A 13 R system would be required.....IMHO. The scope of the IRC is for detached 1 &2 family dwellings or townhomes. A R-3 occupancy does not exist int he code language of the IRC.

(we are still stuck in the 2006 ed in SC.)

The biggest problem I see is trying to mix and match the scope of the IRC with the IBC. (My hangup is the word detached.)


----------



## jar546

Make sure we are not talking apples and oranges.  There is a large difference between a "fire wall" (read the definition) and a wall that is rated for a 2 hour fire separation.


----------



## FyrBldgGuy

If this isn't a home-business then why would you have a B attached to an R-3, or is this a rental next to a bar?


----------



## brudgers

Buildings containing an R occupancy require sprinklers throughout.

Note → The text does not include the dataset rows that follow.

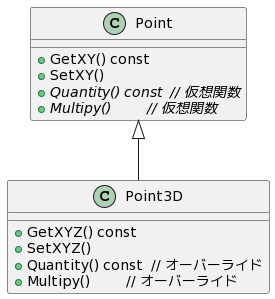

The diagram above was rendered by PlantUML. Its source (embedded in the PNG):
@startuml
class Point {
    + GetXY() const
    + SetXY()
    + {abstract} Quantity() const  // 仮想関数
    + {abstract} Multipy()         // 仮想関数
}

class Point3D {
    + GetXYZ() const
    + SetXYZ()
    + Quantity() const  // オーバーライド
    + Multipy()         // オーバーライド
}

Point <|-down- Point3D
@enduml

If the R occupancy is a one or two family dwelling then a 13d sprinkler system may be used.

If the occupancy is eligible for 13R then that may be used.

If there is a true firewall then there are two buildings and the B side will not require sprinklers.

However, a firewall for a B occupancy is required to be three hours, not two.


----------



## mark handler

NFPA 13D is the standard for the “Installation of Sprinkler Systems in One and Two-Family Dwellings

and Manufactured Homes” (basically an individual unit system)

NFPA 13R is the standard for the “Installation of Sprinkler Systems in Residential Occupancies up to and

Including Four Stories in Height” (a whole building system)

Just a single R, NFPA 13D


----------



## brudgers

mark handler said:
			
		

> NFPA 13D is the standard for the “Installation of Sprinkler Systems in One and Two-Family Dwellingsand Manufactured Homes” (basically an individual unit system)
> 
> NFPA 13R is the standard for the “Installation of Sprinkler Systems in Residential Occupancies up to and
> 
> Including Four Stories in Height” (a whole building system)
> 
> Just a single R, NFPA 13D


Two dwellings can also be a 13D.


----------



## mark handler

brudgers said:
			
		

> Two dwellings can also be a 13D.


ReRead the quoted text in your post "NFPA 13D is the standard for the “Installation of Sprinkler Systems in One and Two-Family Dwellings"


----------



## brudgers

mark handler said:
			
		

> ReRead the quoted text in your post "NFPA 13D is the standard for the “Installation of Sprinkler Systems in One and Two-Family Dwellings"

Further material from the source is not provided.